Ultimately it was Vann’s work with young people and his efforts to empower disadvantaged children that drove his creativity. "I think what most people don’t realise is that Americans get so caught up in race," says Akim. "This socially constructed disease, we get so caught up in that, that we don’t invest in our youth of all different "races". The macro ramification of not doing that is that the world suffers. Children are our resource, regardless of where they come from, and because we don’t regard all children as being equal on some level, we trample on so much invention.
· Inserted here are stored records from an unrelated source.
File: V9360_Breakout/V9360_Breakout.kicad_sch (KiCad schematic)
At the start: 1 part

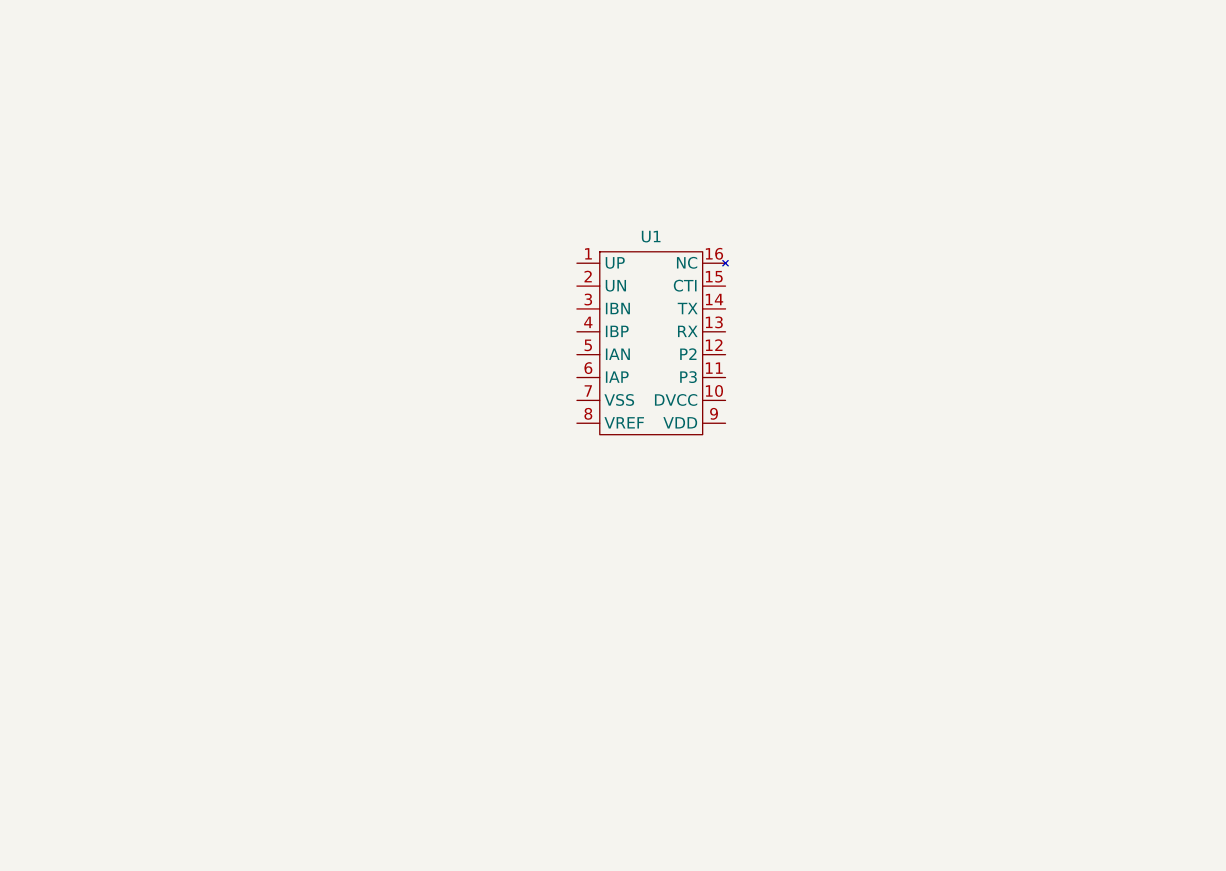
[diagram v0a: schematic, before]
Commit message: Add routing and filters
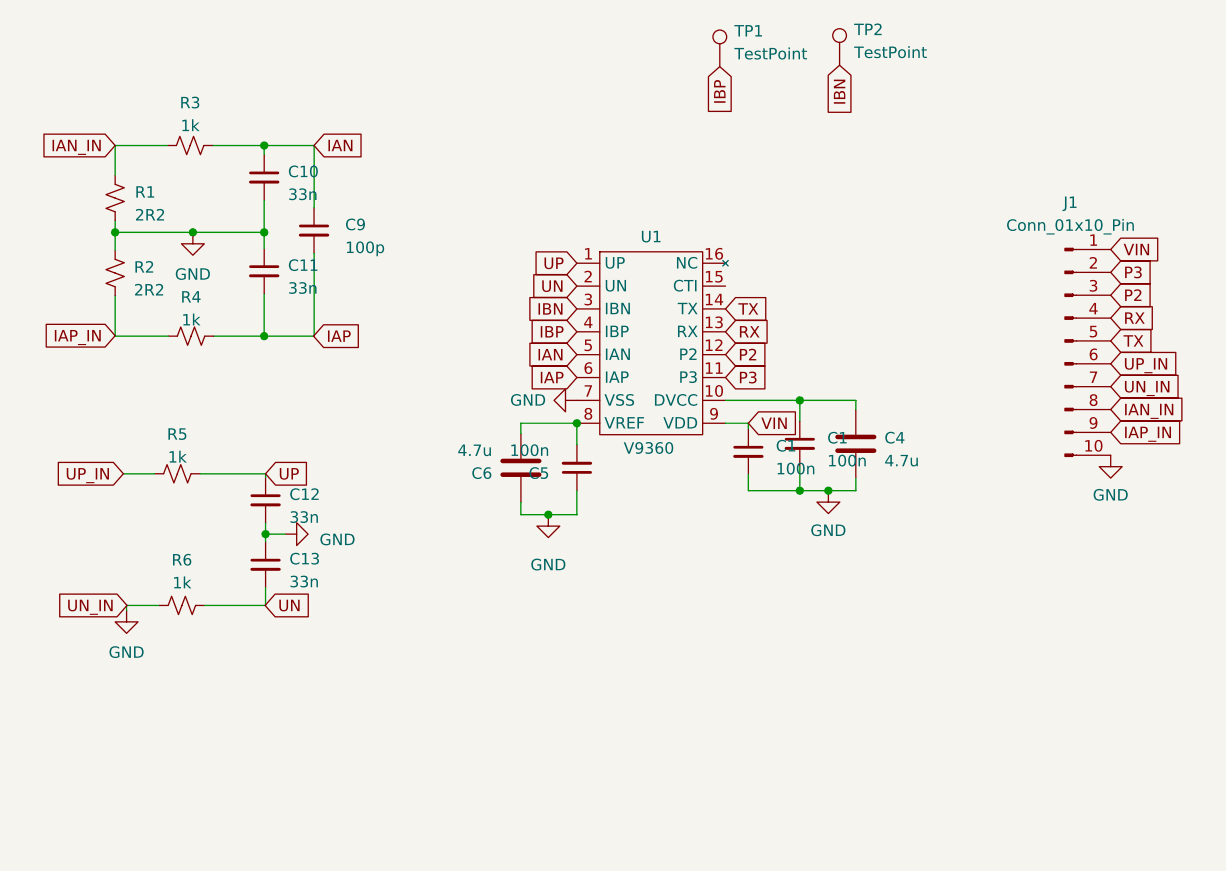
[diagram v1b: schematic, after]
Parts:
- added C1 (x2), C5: 100n, Capacitor_SMD:C_0603_1608Metric, symbol Device:C_Small
- added C10, C11, C12, C13: 33n, Capacitor_SMD:C_0603_1608Metric, symbol Device:C_Small
- added C4, C6: 4.7u, Capacitor_SMD:C_0805_2012Metric, symbol Device:C
- added C9: 100p, Capacitor_SMD:C_0603_1608Metric, symbol Device:C_Small
- added J1: Conn_01x10_Pin, Connector_PinHeader_2.54mm:PinHeader_1x10_P2.54mm_Vertical, symbol Connector:Conn_01x10_Pin
- added R1, R2: 2R2, Resistor_SMD:R_0603_1608Metric, symbol Device:R_Small_US
- added R3, R4, R5, R6: 1k, Resistor_SMD:R_0603_1608Metric, symbol Device:R_Small_US
- added TP1, TP2: TestPoint, TestPoint:TestPoint_Pad_1.5x1.5mm, symbol Connector:TestPoint
- U1: value ~ -> V9360
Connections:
- net UP: now reaches U1.1 (UP)
- net UP: now also C12.1, R5.2
- net at U1.10 (DVCC): now also C1.1, C4.1
- net P3: now reaches U1.11 (P3)
- net P3: now also J1.2 (Pin_2)
- net P2: now reaches U1.12 (P2)
- net P2: now also J1.3 (Pin_3)
- net RX: now reaches U1.13 (RX)
- net RX: now also J1.4 (Pin_4)
- net TX: now reaches U1.14 (TX)
- net TX: now also J1.5 (Pin_5)
- net UN: now reaches U1.2 (UN)
- net UN: now also C13.2, R6.2
- net IBN: now reaches U1.3 (IBN)
- net IBN: now also TP2.1
- net IBP: now reaches U1.4 (IBP)
- net IBP: now also TP1.1
- net IAN: now reaches U1.5 (IAN)
- net IAN: now also C10.1, C9.1, R3.2
- net IAP: now reaches U1.6 (IAP)
- net IAP: now also C11.2, C9.2, R4.2
- net GND: now reaches U1.7 (VSS)
- net GND: now also C1.2, C1.2, C10.2, C11.1, C12.2, C13.1, C4.2, C5.1, C6.1, J1.10 (Pin_10), J1.7 (Pin_7), R1.2, R2.1, R6.1
- net at U1.8 (VREF): now also C5.2, C6.2
- net VIN: now reaches U1.9 (VDD)
- net VIN: now also C1.1, J1.1 (Pin_1)
- new net IAN_IN: J1.8 (Pin_8), R1.1, R3.1
- new net IAP_IN: J1.9 (Pin_9), R2.2, R4.1
- new net UP_IN: J1.6 (Pin_6), R5.1

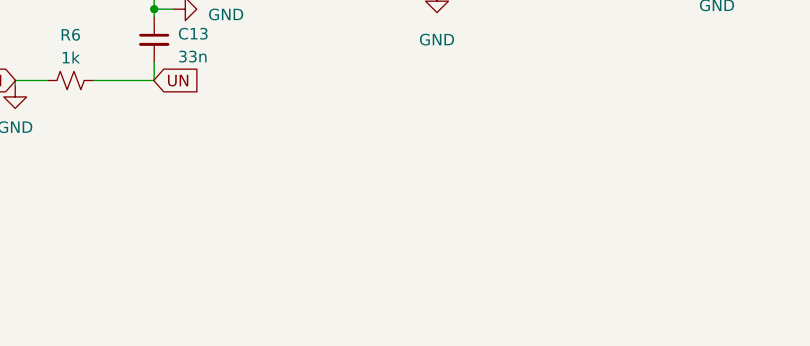
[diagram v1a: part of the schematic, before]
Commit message: Add silk screen refinements
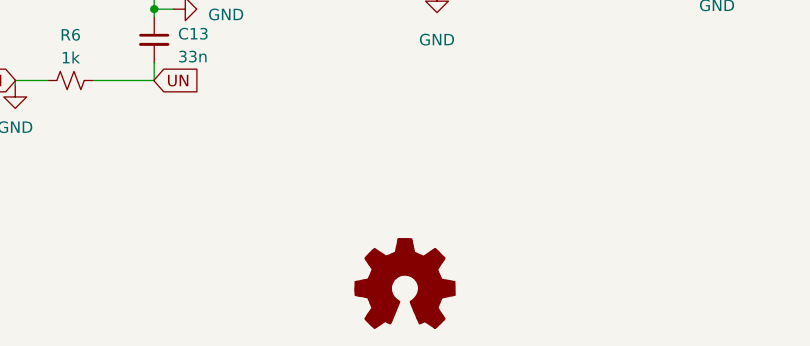
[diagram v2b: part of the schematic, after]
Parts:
- added SYM1: Logo_Open_Hardware_Small, Symbol:OSHW-Logo2_9.8x8mm_SilkScreen, symbol Graphic:Logo_Open_Hardware_Small
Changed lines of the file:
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@@
+    )
+  )
+  (symbol (lib_id "Graphic:Logo_Open_Hardware_Small") (at 125.603 147.955 0) (unit 1)
+    (in_bom no) (on_board yes) (dnp no) (fields_autoplaced)
+    (property "Reference" "SYM1" (at 125.603 140.97 0)
+      (effects (font (size 1.27 1.27)) hide)
+    )
+    (property "Value" "Logo_Open_Hardware_Small" (at 125.603 153.67 0)
+      (effects (font (size 1.27 1.27)) hide)
+    )
+    (property "Footprint" "Symbol:OSHW-Logo2_9.8x8mm_SilkScreen" (at 125.603 147.955 0)
+      (effects (font (size 1.27 1.27)) hide)
+    )
+    (property "Datasheet" "~" (at 125.603 147.955 0)
+      (effects (font (size 1.27 1.27)) hide)
+    )
+    (property "Sim.Enable" "0" (at 125.603 147.955 0)
+      (effects (font (size 1.27 1.27)) hide)
+    )
+    (instances
+      (project "V9360_Breakout"
+        (path "/f6ffeb9c-2174-49f8-b838-c33315c45e1a"
+          (reference "SYM1") (unit 1)
+        )
+      )
     )
   )

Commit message: Add Gerbers and BOM
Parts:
- C1, C5: MPN (none) -> GMC10X7R104K100NT
- C10, C11, C12, C13: MPN (none) -> CC0603JRX7R9BB333
- C4, C6: MPN (none) -> C0805C475K8PACTU
- C9: MPN (none) -> 885012206003
- J1, SYM1, TP1, TP2: DNP (none) -> ...
- R1, R2: MPN (none) -> CPF0603B2R21E1
- R3, R4, R5, R6: MPN (none) -> RR0816P-102-D
- U1: MPN (none) -> V9360
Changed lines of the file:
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@@
+      (effects (font (size 1.27 1.27)) hide)
+    )
+    (property "DNP" "" (at 81.026 87.8332 0)
+      (effects (font (size 1.27 1.27)) hide)
+    )
+    (property "MPN" "CPF0603B2R21E1" (at 81.026 87.8332 0)
       (effects (font (size 1.27 1.27)) hide)
     )
@@
       (effects (font (size 1.27 1.27)) hide)
     )
+    (property "DNP" "" (at 97.7392 120.2436 0)
+      (effects (font (size 1.27 1.27)) hide)
+    )
+    (property "MPN" "CC0603JRX7R9BB333" (at 97.7392 120.2436 0)
+      (effects (font (size 1.27 1.27)) hide)
+    )
     (pin "1")
     (pin "2")
@@
       (effects (font (size 1.27 1.27)) hide)
     )
+    (property "DNP" "" (at 87.9348 110.1344 0)
+      (effects (font (size 1.27 1.27)) hide)
+    )
+    (property "MPN" "RR0816P-102-D" (at 87.9348 110.1344 0)
+      (effects (font (size 1.27 1.27)) hide)
+    )
     (pin "1")
     (pin "2")
@@
       (effects (font (size 1.27 1.27)) hide)
     )
+    (property "DNP" "..." (at 148.209 64.897 0)
+      (effects (font (size 1.27 1.27)) hide)
+    )
+    (property "MPN" "" (at 148.209 64.897 0)
+      (effects (font (size 1.27 1.27)) hide)
+    )
     (pin "1")
     (instances
@@
     )
     (property "Datasheet" "~" (at 97.5868 77.216 0)
+      (effects (font (size 1.27 1.27)) hide)
+    )
+    (property "DNP" "" (at 97.5868 77.216 0)
+      (effects (font (size 1.27 1.27)) hide)
+    )
+    (property "MPN" "CC0603JRX7R9BB333" (at 97.5868 77.216 0)
       (effects (font (size 1.27 1.27)) hide)
     )
@@
       (effects (font (size 1.27 1.27)) hide)
     )
+    (property "DNP" "..." (at 125.603 147.955 0)
+      (effects (font (size 1.27 1.27)) hide)
+    )
+    (property "MPN" "" (at 125.603 147.955 0)
+      (effects (font (size 1.27 1.27)) hide)
+    )
     (instances
       (project "V9360_Breakout"
@@
     )
     (property "Datasheet" "" (at 139.954 84.201 0)
+      (effects (font (size 1.27 1.27)) hide)
+    )
+    (property "DNP" "" (at 139.954 84.201 0)
+      (effects (font (size 1.27 1.27)) hide)
+    )
+    (property "MPN" "V9360" (at 139.954 84.201 0)
       (effects (font (size 1.27 1.27)) hide)
     )
@@
       (effects (font (size 1.27 1.27)) hide)
     )
+    (property "DNP" "" (at 88.4428 124.7648 0)
+      (effects (font (size 1.27 1.27)) hide)
+    )
+    (property "MPN" "RR0816P-102-D" (at 88.4428 124.7648 0)
+      (effects (font (size 1.27 1.27)) hide)
+    )
     (pin "1")
     (pin "2")
@@
     )
     (property "Datasheet" "~" (at 89.4588 94.8436 0)
+      (effects (font (size 1.27 1.27)) hide)
+    )
+    (property "DNP" "" (at 89.4588 94.8436 0)
+      (effects (font (size 1.27 1.27)) hide)
+    )
+    (property "MPN" "RR0816P-102-D" (at 89.4588 94.8436 0)
       (effects (font (size 1.27 1.27)) hide)
     )
@@
       (effects (font (size 1.27 1.27)) hide)
     )
+    (property "DNP" "" (at 163.322 106.807 0)
+      (effects (font (size 1.27 1.27)) hide)
+    )
+    (property "MPN" "C0805C475K8PACTU" (at 163.322 106.807 0)
+      (effects (font (size 1.27 1.27)) hide)
+    )
     (pin "1")
     (pin "2")
@@
       (effects (font (size 1.27 1.27)) hide)
     )
+    (property "DNP" "" (at 126.111 109.474 0)
+      (effects (font (size 1.27 1.27)) hide)
+    )
+    (property "MPN" "C0805C475K8PACTU" (at 126.111 109.474 0)
+      (effects (font (size 1.27 1.27)) hide)
+    )
     (pin "1")
     (pin "2")
@@
       (effects (font (size 1.27 1.27)) hide)
     )
+    (property "DNP" "..." (at 161.5186 64.7446 0)
+      (effects (font (size 1.27 1.27)) hide)
+    )
+    (property "MPN" "" (at 161.5186 64.7446 0)
+      (effects (font (size 1.27 1.27)) hide)
+    )
     (pin "1")
     (instances
@@
       (effects (font (size 1.27 1.27)) hide)
     )
+    (property "DNP" "" (at 157.099 106.807 0)
+      (effects (font (size 1.27 1.27)) hide)
+    )
+    (property "MPN" "GMC10X7R104K100NT" (at 157.099 106.807 0)
+      (effects (font (size 1.27 1.27)) hide)
+    )
     (pin "1")
     (pin "2")
@@
       (effects (font (size 1.27 1.27)) hide)
     )
+    (property "DNP" "" (at 132.334 109.474 0)
+      (effects (font (size 1.27 1.27)) hide)
+    )
+    (property "MPN" "GMC10X7R104K100NT" (at 132.334 109.474 0)
+      (effects (font (size 1.27 1.27)) hide)
+    )
     (pin "1")
     (pin "2")
@@
       (effects (font (size 1.27 1.27)) hide)
     )
+    (property "DNP" "" (at 81.026 79.502 0)
+      (effects (font (size 1.27 1.27)) hide)
+    )
+    (property "MPN" "CPF0603B2R21E1" (at 81.026 79.502 0)
+      (effects (font (size 1.27 1.27)) hide)
+    )
     (pin "1")
     (pin "2")
@@
       (effects (font (size 1.27 1.27)) hide)
     )
+    (property "DNP" "" (at 151.384 107.696 0)
+      (effects (font (size 1.27 1.27)) hide)
+    )
+    (property "MPN" "GMC10X7R104K100NT" (at 151.384 107.696 0)
+      (effects (font (size 1.27 1.27)) hide)
+    )
     (pin "1")
     (pin "2")
@@
       (effects (font (size 1.27 1.27)) hide)
     )
+    (property "DNP" "" (at 89.3572 73.66 0)
+      (effects (font (size 1.27 1.27)) hide)
+    )
+    (property "MPN" "RR0816P-102-D" (at 89.3572 73.66 0)
+      (effects (font (size 1.27 1.27)) hide)
+    )
     (pin "1")
     (pin "2")
@@
     )
     (property "Datasheet" "~" (at 186.563 95.377 0)
+      (effects (font (size 1.27 1.27)) hide)
+    )
+    (property "DNP" "..." (at 186.563 95.377 0)
+      (effects (font (size 1.27 1.27)) hide)
+    )
+    (property "MPN" "" (at 186.563 95.377 0)
       (effects (font (size 1.27 1.27)) hide)
     )
@@
       (effects (font (size 1.27 1.27)) hide)
     )
+    (property "DNP" "" (at 97.5868 87.63 0)
+      (effects (font (size 1.27 1.27)) hide)
+    )
+    (property "MPN" "CC0603JRX7R9BB333" (at 97.5868 87.63 0)
+      (effects (font (size 1.27 1.27)) hide)
+    )
     (pin "1")
     (pin "2")
@@
       (effects (font (size 1.27 1.27)) hide)
     )
+    (property "DNP" "" (at 97.7392 113.0808 0)
+      (effects (font (size 1.27 1.27)) hide)
+    )
+    (property "MPN" "CC0603JRX7R9BB333" (at 97.7392 113.0808 0)
+      (effects (font (size 1.27 1.27)) hide)
+    )
     (pin "1")
     (pin "2")
@@
       (effects (font (size 1.27 1.27)) hide)
     )
+    (property "DNP" "" (at 103.124 83.1088 0)
+      (effects (font (size 1.27 1.27)) hide)
+    )
+    (property "MPN" "885012206003" (at 103.124 83.1088 0)
+      (effects (font (size 1.27 1.27)) hide)
+    )

He tapped into youth and utilised brilliance that would have been otherwise looked over. There are so many youths who were under his mentorship doing great things today. That was his mission."
Although Vann succumbed to cancer in 2009, he left behind a sizable body of work: not only the 140 songs he has registered with BMI, or his book on maths and basketball still being used as a resource in American schools, or his perennial Christmas song, discovered by more people every year, but also in the young people whose self-image was subtly altered for the better as a result of his efforts. And none more so than his eldest daughter, who has carried on her father’s work as a mentor and life-coach for young people. "My dad was way before his time," says Akim. "This was somebody who was extremely progressive, and his ideas were ideas that were before his time, which is why the album is still extremely poignant."